Over a period of nearly three years, Roska painstakingly measured signals from more than 200 ganglion cells in the rabbit retina as he flashed pictures of a featureless square or circle. Ganglion cells are the eye's output cells, forming the optic nerve connecting it to the brain.

"We made very simple measurements on retinal cells, recording excitation and spiking when we flashed squares and moving spots in front of the eye," Roska said.

From these, he and Werblin determined that there are about a dozen different populations of ganglion cells, each spanning the full visual space and producing a different movie output.

One group of ganglion cells, for example, only sends signals when it detects a moving edge. Another group fires only after a stimulus stops. Another sees large uniform areas, yet another only the area surrounding a figure.
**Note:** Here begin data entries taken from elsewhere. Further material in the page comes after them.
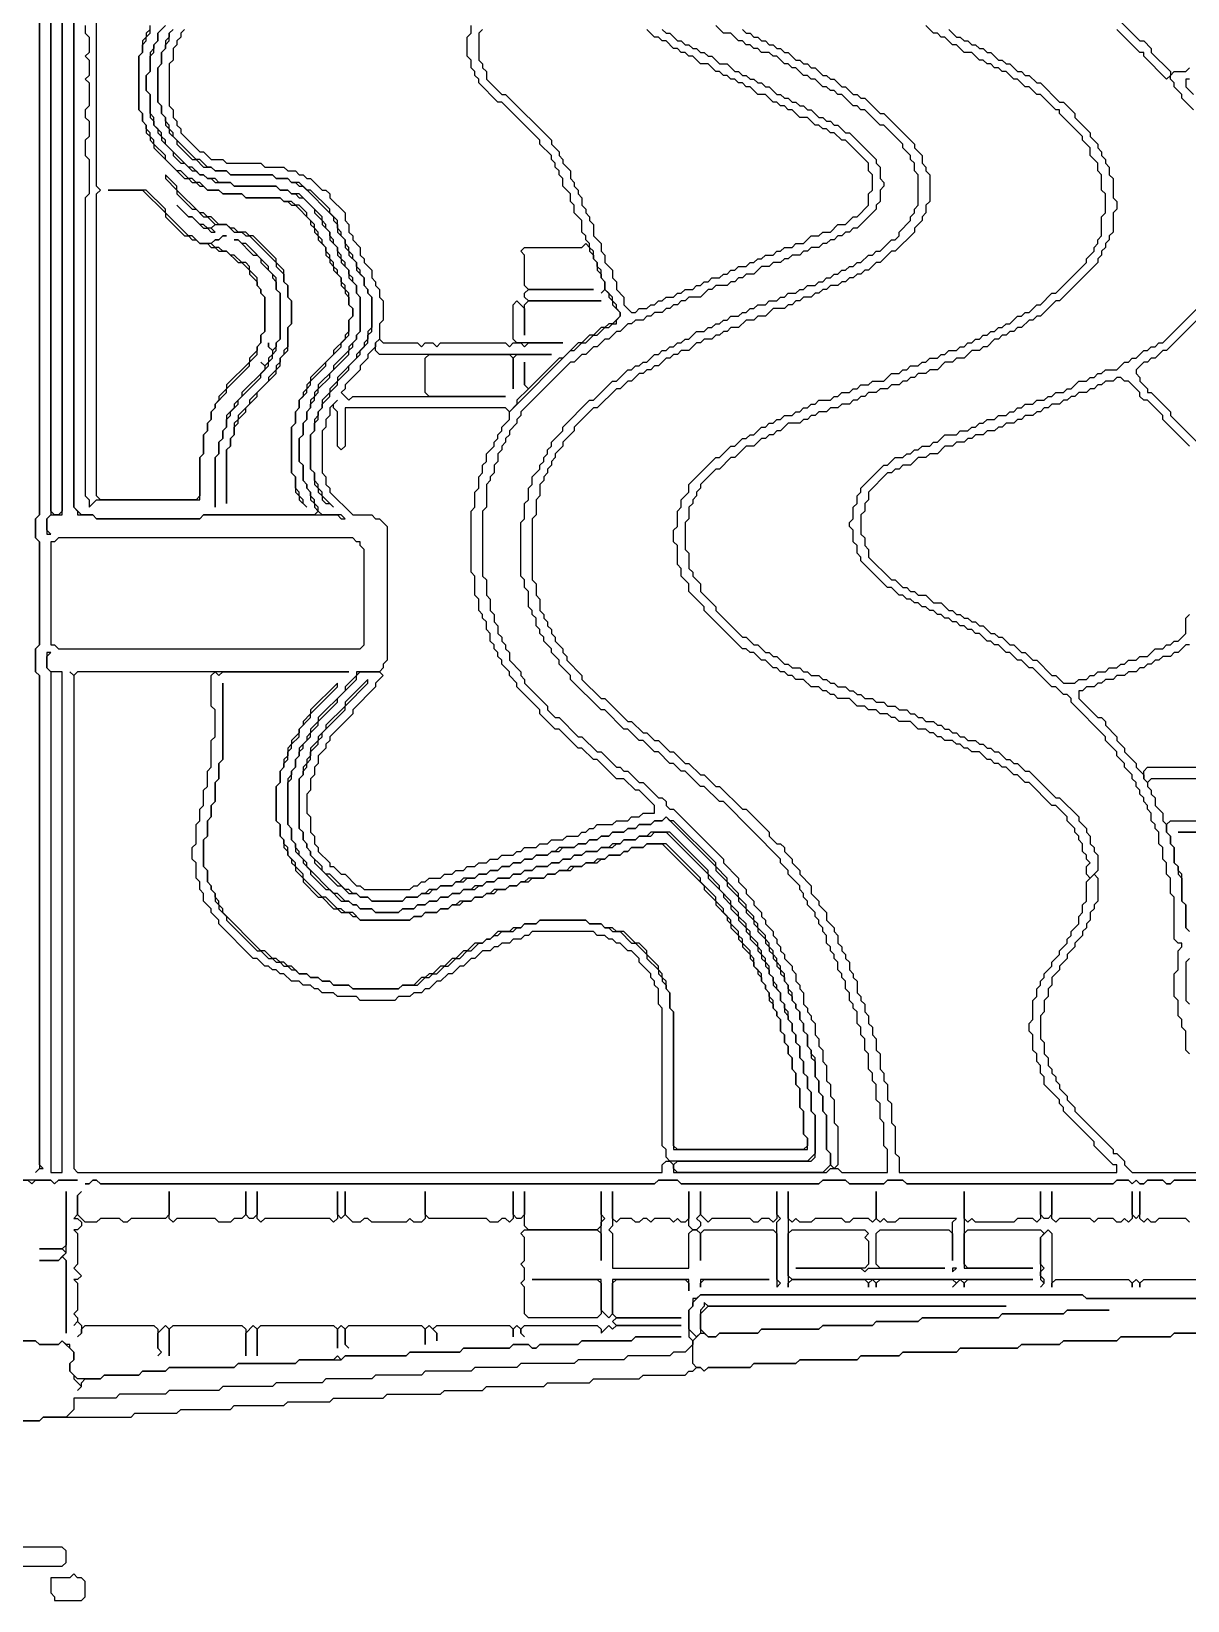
# Model space of a CAD drawing. Header units: metres. Extents: x 4 to 694, y 6 to 714.
# Drawn here: x 156.9 to 459.5, y 12 to 422.5 of the extents above; entities that cross this region are included whole.
import ezdxf

# ---------------------------------------------------------------- set-up
doc = ezdxf.new("R2010")
doc.units = ezdxf.units.M

msp = doc.modelspace()

# ---------------------------------------------------------------- linework, layer by layer
for points in [[(151, 692), (151, 122), (152, 123), (153, 122), (156, 122), (157, 121), (158, 122), (162, 122), (163, 121), (164, 122), (169, 122), (164, 122), (163, 121), (162, 122), (153, 122), (151, 124), (151, 690)], [(159, 677), (159, 296), (158, 295), (158, 290), (159, 289), (159, 262), (158, 261), (158, 255), (159, 254), (159, 125), (158, 124), (159, 125), (160, 125), (159, 126), (159, 254), (158, 255), (158, 261), (159, 262), (159, 289), (158, 290), (158, 295), (159, 296), (159, 676)], [(162, 571), (162, 296), (161, 295), (161, 291), (162, 291), (161, 292), (161, 295), (162, 296), (165, 296), (165, 568)], [(165, 569), (165, 297), (164, 296), (163, 296), (162, 297), (162, 571)], [(168, 465), (168, 298), (169, 297), (169, 296), (173, 296), (174, 295), (201, 295), (202, 296), (237, 296), (238, 295), (239, 295), (238, 296), (233, 296), (232, 297), (232, 298), (231, 299), (231, 300), (230, 301), (230, 302), (229, 303), (229, 304), (228, 305), (228, 309), (227, 310), (227, 316), (228, 317), (228, 320), (229, 321), (229, 323), (230, 324), (230, 325), (231, 326), (231, 327), (232, 328), (232, 329), (235, 332), (235, 333), (240, 338), (240, 339), (241, 340), (241, 341), (242, 342), (242, 343), (243, 344), (243, 353), (242, 354), (242, 356), (241, 357), (241, 358), (240, 359), (240, 360), (239, 361), (239, 362), (238, 363), (238, 364), (237, 365), (237, 366), (236, 367), (236, 368), (235, 369), (235, 370), (234, 371), (234, 372), (233, 373), (233, 374), (227, 380), (225, 380), (224, 381), (222, 381), (221, 382), (210, 382), (209, 383), (206, 383), (205, 384), (203, 384), (202, 385), (201, 385), (199, 387), (198, 387), (192, 393), (192, 394), (191, 395), (191, 396), (189, 398), (189, 400), (188, 401), (188, 406), (187, 407), (187, 411), (188, 412), (188, 416), (189, 417), (189, 419), (190, 420), (190, 422), (192, 424)], [(191, 423), (190, 422), (190, 420), (189, 419), (189, 418), (188, 417), (188, 412), (187, 411), (187, 407), (188, 406), (188, 400), (189, 399), (189, 398), (190, 397), (190, 396), (191, 395), (191, 394), (194, 391), (194, 390), (196, 388), (197, 388), (199, 386), (200, 386), (201, 385), (202, 385), (203, 384), (204, 384), (205, 383), (209, 383), (210, 382), (221, 382), (222, 381), (224, 381), (225, 380), (226, 380), (227, 379), (228, 379), (231, 376), (231, 375), (233, 373), (233, 372), (235, 370), (235, 368), (237, 366), (237, 364), (238, 363), (238, 362), (240, 360), (240, 358), (242, 356), (242, 354), (243, 353), (243, 344), (242, 343), (242, 342), (240, 340), (240, 339), (236, 335), (236, 334), (232, 330), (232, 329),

"Each representation emphasizes a different feature of the visual world — an edge, a blob, movement — and sends the information along different paths to the brain," Werblin said.

Robert Sanders photo

The two researchers shared these detailed findings with software designer David Balya in Hungary, who modeled the visual processing on a computer, a preliminary step before actually programming a CNN chip to simulate the image processing that goes on in the eye. The computer model precisely mimics the output of the ganglion cells of the retina, vividly showing the difference between the world we see and the information that actually is sent to the brain.

Listen to Frank Werblin (right) explaining the language of cell interactions (audio with photo).

"We now are looking at the predictions the model makes when viewing natural scenes — Frank's face or leaves on the ground — and comparing them with what we measure in actual retinal cells, to learn how good these predictions are," Roska said.